I wasn’t there to travel. I didn’t even really know much about Bali, or wider Indonesia. I told someone recently I’d been to Bali once on a surf holiday. “How bougie of you”. I honestly had no idea. I just heard you could surf there. I was oblivious to the Eat Pray Love reputation of the place until I got there, though I must have had some idea there was an air of tourist-friendly luxury to be found. I harboured no intentions of finding myself on Bali, or anything like it. I just wanted to learn to surf, and to relax.

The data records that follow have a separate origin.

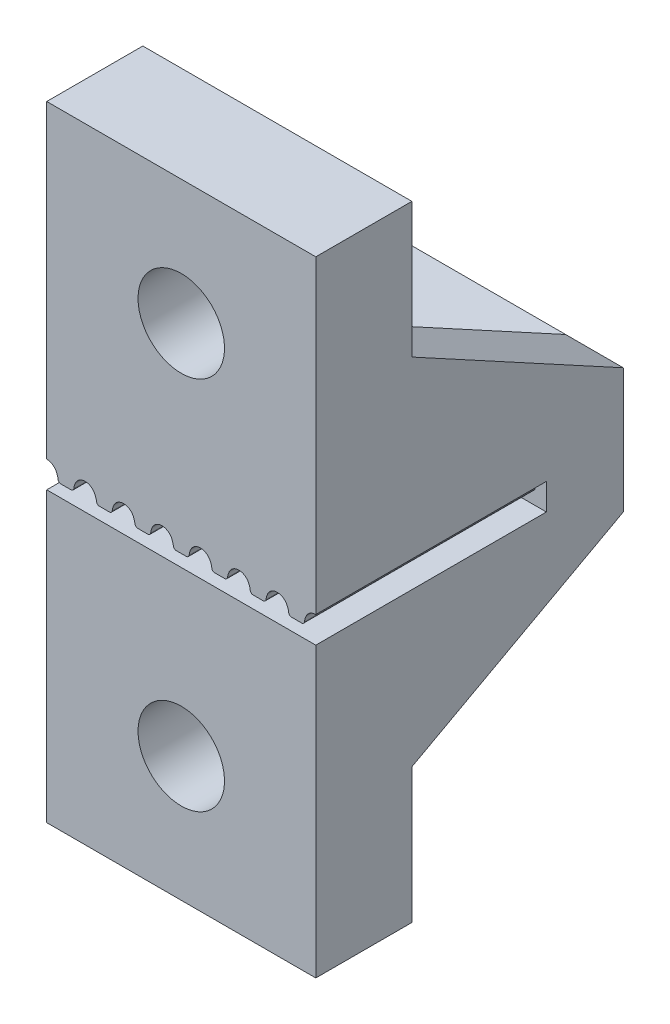
SolidWorks part; units mm, degrees
material "ABS"
ref_plane "Front Plane" through (0, 0, 0) normal (0, 0, 1) x (1, 0, 0)
ref_plane "Top Plane" through (0, 0, 0) normal (0, 1, 0) x (1, 0, 0)
ref_plane "Right Plane" through (0, 0, 0) normal (1, 0, 0) x (0, 0, -1)
sketch "Sketch3" plane through (0, 0, 0) normal (0, 0, 1) x (1, 0, 0)
  line L1 (0, -2) -> (14, -2)
  line L2 (0, -2) -> (0, 4.5)
  line L3 (0, 4.5) -> (14, 4.5)
  line L4 (14, -2) -> (14, 4.5)
  dimension "D1" = 14
  dimension "D2" = 6.5
  dimension "D3" = 2
extrude "Boss-Extrude2" add sketch "Sketch3" along normal blind 16
sketch "Sketch1" plane through (0, 0, 0) normal (0, 0, 1) x (1, 0, 0)
  line L4 (1, 0.63) -> (1, 1.38) construction
  line L5 (0.7402, 0.63) -> (1.2598, 0.63)
  line L6 (2, 1.38) -> (2, 0)
  line L9 (0, 1.38) -> (0, 0)
  line L10 (0, 0) -> (2, 0)
  arc A0 (1.2598, 0.63) -> (1.4085, 0.7604) centre (1.2598, 0.78) ccw
  arc A1 (1.4085, 0.7604) -> (1.5011, 1.0682) centre (2.4, 0.63) cw
  arc A2 (1.5011, 1.0682) -> (2, 1.38) centre (2, 0.825) cw
  arc A3 (0.4989, 1.0682) -> (0, 1.38) centre (0, 0.825) ccw
  arc A4 (0.5915, 0.7604) -> (0.4989, 1.0682) centre (-0.4, 0.63) ccw
  arc A5 (0.7402, 0.63) -> (0.5915, 0.7604) centre (0.7402, 0.78) cw
  dimension "D1" = 0.555
  dimension "D2" = 1
  dimension "D3" = 0.15
  dimension "D4" = 0.4
  dimension "D5" = 0.75
  dimension "D6" = 2
  dimension "D7" = 1.38
extrude "Cut-Extrude1" cut sketch "Sketch1" along normal blind 19 from offset 4
pattern_linear "LPattern2" count 7 spacing 2 along (1, 0, 0) of "Cut-Extrude1"
sketch "Sketch4" plane through (0, 4.5, 16) normal (0, 0, -1) x (-1, 0, 0)
  line L0 (0, -6.5) -> (-14, -6.5) construction
  line L1 (-7, -13) -> (0, -13) construction
  line L2 (-14, -6.5) -> (-14, -19.5)
  line L3 (-14, -19.5) -> (0, -19.5)
  line L4 (0, -6.5) -> (0, -19.5)
  line L5 (-14, -6.5) -> (-14, 0) construction
  line L6 (-14, -6.5) -> (-14, -4.5) construction
  line L7 (0, 0) -> (-14, 0)
  line L8 (-14, 6.5) -> (0, 6.5) construction
  line L9 (0, -4.5) -> (0, -6.5) construction
  line L10 (-7, -13) -> (-7, 6.5) construction
  line L11 (0, 0) -> (0, 13)
  line L12 (0, 13) -> (-14, 13)
  line L13 (-14, -6.5) -> (0, -6.5)
  line L14 (-14, 0) -> (-14, 13)
  circle A0 centre (-7, 6.5) radius 2.25
  circle A1 centre (-7, -13) radius 2.25
  point P23 (-7, -6.5)
  dimension "D5" = 4.5
  dimension "D1" = 13
extrude "Boss-Extrude3" add sketch "Sketch4" along normal blind 5
sketch "Sketch6" plane through (0, 4.5, 0) normal (0, 1, 0) x (1, 0, 0)
  line L1 (0, -18) -> (14, -18)
  line L2 (0, -18) -> (0, -14)
  line L3 (0, -14) -> (14, -14)
  line L4 (14, -18) -> (14, -14)
  dimension "D1" = 4
extrude "Cut-Extrude3" [suppressed] cut sketch "Sketch6" against normal up to vertex
sketch "Sketch7" plane through (0, 0, 0) normal (-1, 0, 0) x (0, 0, 1)
  line L0 (0, -2) -> (11, -7.9828)
  line L1 (11, -7.9828) -> (11, -2)
  line L2 (11, -2) -> (0, -2)
  line L3 (11, -15) -> (11, -2) construction
extrude "Boss-Extrude4" add sketch "Sketch7" against normal blind 3
extrude "Boss-Extrude5" add sketch "Sketch7<2>" against normal blind 3 from offset 11 offset against normal yes
sketch "Sketch7<2>" plane through (0, 0, 0) normal (-1, 0, 0) x (0, 0, 1) same geometry as "Sketch7"
sketch "Sketch5" plane through (0, 0, 11) normal (0, 0, -1) x (-1, 0, 0)
  circle A0 centre (-7, 11) radius 4.5
  circle A1 centre (-7, -8.5) radius 4.5
  dimension "D1" = 9
extrude "Cut-Extrude2" cut sketch "Sketch5" against normal blind 0.1 and the other way blind 10
ref_plane "Plane1" through (0, 1.25, 0) normal (0, 1, 0) x (1, 0, 0)
mirror "Mirror1" about plane through (0, 1.25, 0) normal (0, 1, 0) of "Cut-Extrude2", "Boss-Extrude5", "Boss-Extrude4"
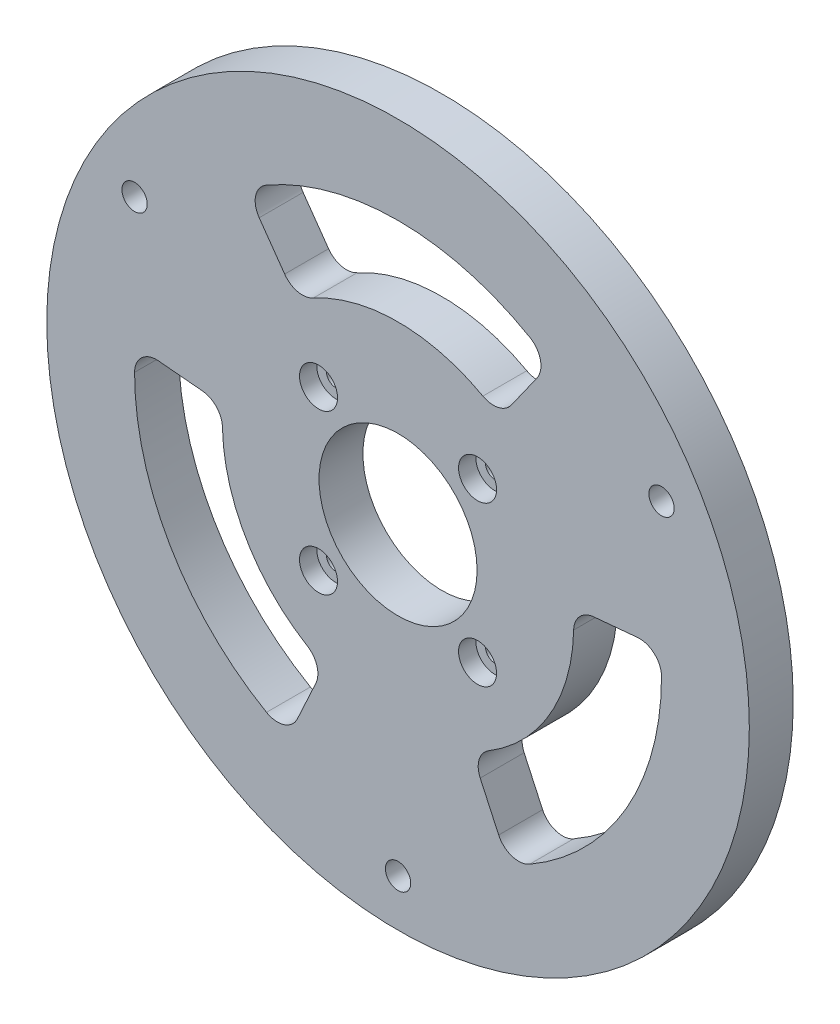
SolidWorks part; units mm, degrees
material "Acrylic (Medium-high impact)"
ref_plane "Front Plane" through (0, 0, 0) normal (0, 0, 1) x (1, 0, 0)
ref_plane "Top Plane" through (0, 0, 0) normal (0, 1, 0) x (1, 0, 0)
ref_plane "Right Plane" through (0, 0, 0) normal (1, 0, 0) x (0, 0, -1)
sketch "Sketch1" plane through (0, 0, 0) normal (0, 0, 1) x (1, 0, 0)
  circle A0 centre (0, 0) radius 50.8
  dimension "D1" = 101.6
extrude "Boss-Extrude1" add sketch "Sketch1" along normal blind 6.35
sketch "Sketch2" plane through (0, 0, 6.35) normal (0, 0, 1) x (1, 0, 0)
  circle A0 centre (0, 0) radius 11.43
  dimension "D1" = 22.86
extrude "Cut-Extrude1" cut sketch "Sketch2" against normal through all
hole_wizard "CBORE for M2.5 SHCS1" positions "Sketch3" profile "Sketch5" counterbore size "M2.5" standard "ANSI Metric"
sketch "Sketch3" plane through (0, 0, 6.35) normal (0, 0, 1) x (1, 0, 0)
  line L1 (-11.5, -11.5) -> (11.5, -11.5)
  line L2 (-11.5, -11.5) -> (-11.5, 11.5)
  line L3 (-11.5, 11.5) -> (11.5, 11.5)
  line L4 (11.5, -11.5) -> (11.5, 11.5)
  line L5 (-11.5, -11.5) -> (11.5, 11.5) construction
  line L6 (-11.5, 11.5) -> (11.5, -11.5) construction
  point P1 (0, 0)
  point P2 (11.5, 11.5)
  point P59 (-11.5, -11.5)
  point P60 (-11.5, 11.5)
  point P61 (11.5, -11.5)
  dimension "D1" = 23
sketch "Sketch5" plane through (0, 0, 6.35) normal (1, 0, 0) x (0, -1, 0)
  line L0 (0, 0) -> (0, 10.9712)
  line L1 (0, 10.9712) -> (1.35, 10.16)
  line L2 (1.35, 10.16) -> (1.35, 2.5)
  line L3 (1.35, 2.5) -> (2.75, 2.5)
  line L4 (2.75, 2.5) -> (2.75, 0)
  line L5 (2.75, 0) -> (0, 0)
  line L10 (0, 10.9712) -> (-1.35, 10.16) construction
  line L11 (0, -6.35) -> (0, 107.95) construction
  dimension "Hole Dia." = 2.7
  dimension "Hole Depth" = 10.16
  dimension "C'Bore Dia." = 5.5
  dimension "C'Bore Depth" = 2.5
  dimension "Drill Angle" = 118
hole_wizard "#6 Clearance Hole1" positions "Sketch7" profile "Sketch9" hole size "#6" standard "ANSI Inch"
sketch "Sketch7" plane through (0, 0, 6.35) normal (0, 0, 1) x (1, 0, 0)
  line L1 (0, -43.9941) -> (38.1, 21.997)
  line L2 (38.1, 21.997) -> (-38.1, 21.997)
  line L3 (-38.1, 21.997) -> (0, -43.9941)
  line L8 (-11.5, 11.5) -> (11.5, 11.5) construction
  circle A0 centre (0, 0) radius 21.997 construction
  point P3 (0, -43.9941)
  point P4 (38.1, 21.997)
  point P5 (-38.1, 21.997)
  dimension "D1" = 76.2
sketch "Sketch9" plane through (-38.1, 21.997, 6.35) normal (1, 0, 0) x (0, -1, 0)
  line L0 (0, 0) -> (0, 11.2589)
  line L1 (0, 11.2589) -> (1.8288, 10.16)
  line L2 (1.8288, 10.16) -> (1.8288, 0)
  line L5 (1.8288, 0) -> (0, 0)
  line L10 (0, 11.2589) -> (-1.8288, 10.16) construction
  line L11 (0, -6.35) -> (0, 107.95) construction
  dimension "Hole Dia." = 3.6576
  dimension "Hole Depth" = 10.16
  dimension "Drill Angle" = 118
fillet "Fillet1" [suppressed] radius 0.508
sketch "Sketch10" plane through (0, 0, 6.35) normal (0, 0, 1) x (1, 0, 0)
  line L0 (0, 0) -> (-21.9974, 31.1083) construction
  line L1 (0, 0) -> (21.9974, 31.1083) construction
  line L2 (14.6649, 20.7388) -> (21.9974, 31.1083)
  line L3 (-14.6649, 20.7388) -> (-21.9974, 31.1083)
  circle A0 centre (0, 0) radius 25.4 construction
  circle A1 centre (0, 0) radius 38.1 construction
  arc A4 (-21.9974, 31.1083) -> (21.9974, 31.1083) centre (0, 0) cw
  arc A5 (-14.6649, 20.7388) -> (14.6649, 20.7388) centre (0, 0) cw
  circle A6 centre (11.5, 11.5) radius 2.75 construction
  circle A7 centre (-11.5, 11.5) radius 2.75 construction
  dimension "D1" = 50.8
  dimension "D2" = 12.7
extrude "Cut-Extrude2" cut sketch "Sketch10" against normal through all
fillet "Fillet2" radius 3.175 4 edges at (-14.6649, 20.7388, 3.175) (14.6649, 20.7388, 3.175) (21.9974, 31.1083, 3.175) (-21.9974, 31.1083, 3.175)
pattern_circular "CirPattern1" count 3 over 360 about axis through (0, 0, 6.35) along (0, 0, 1) of "Cut-Extrude2", "Fillet2"

Bali is an Indonesian island that’s just to the east of Java. It’s somewhere south of the equator, though not by much, and it’s about the size of Mayo, though with a population closer to that of Ireland, and more Hindu temples. Unlike the predominantly-Muslim Indonesian archipelago of 17,000 islands, the majority of Bali practices their own form of Hinduism, which has existed there since the 15th Century. This could explain the island’s ‘otherness’ within the country, and its often gracious acceptance of mass tourism.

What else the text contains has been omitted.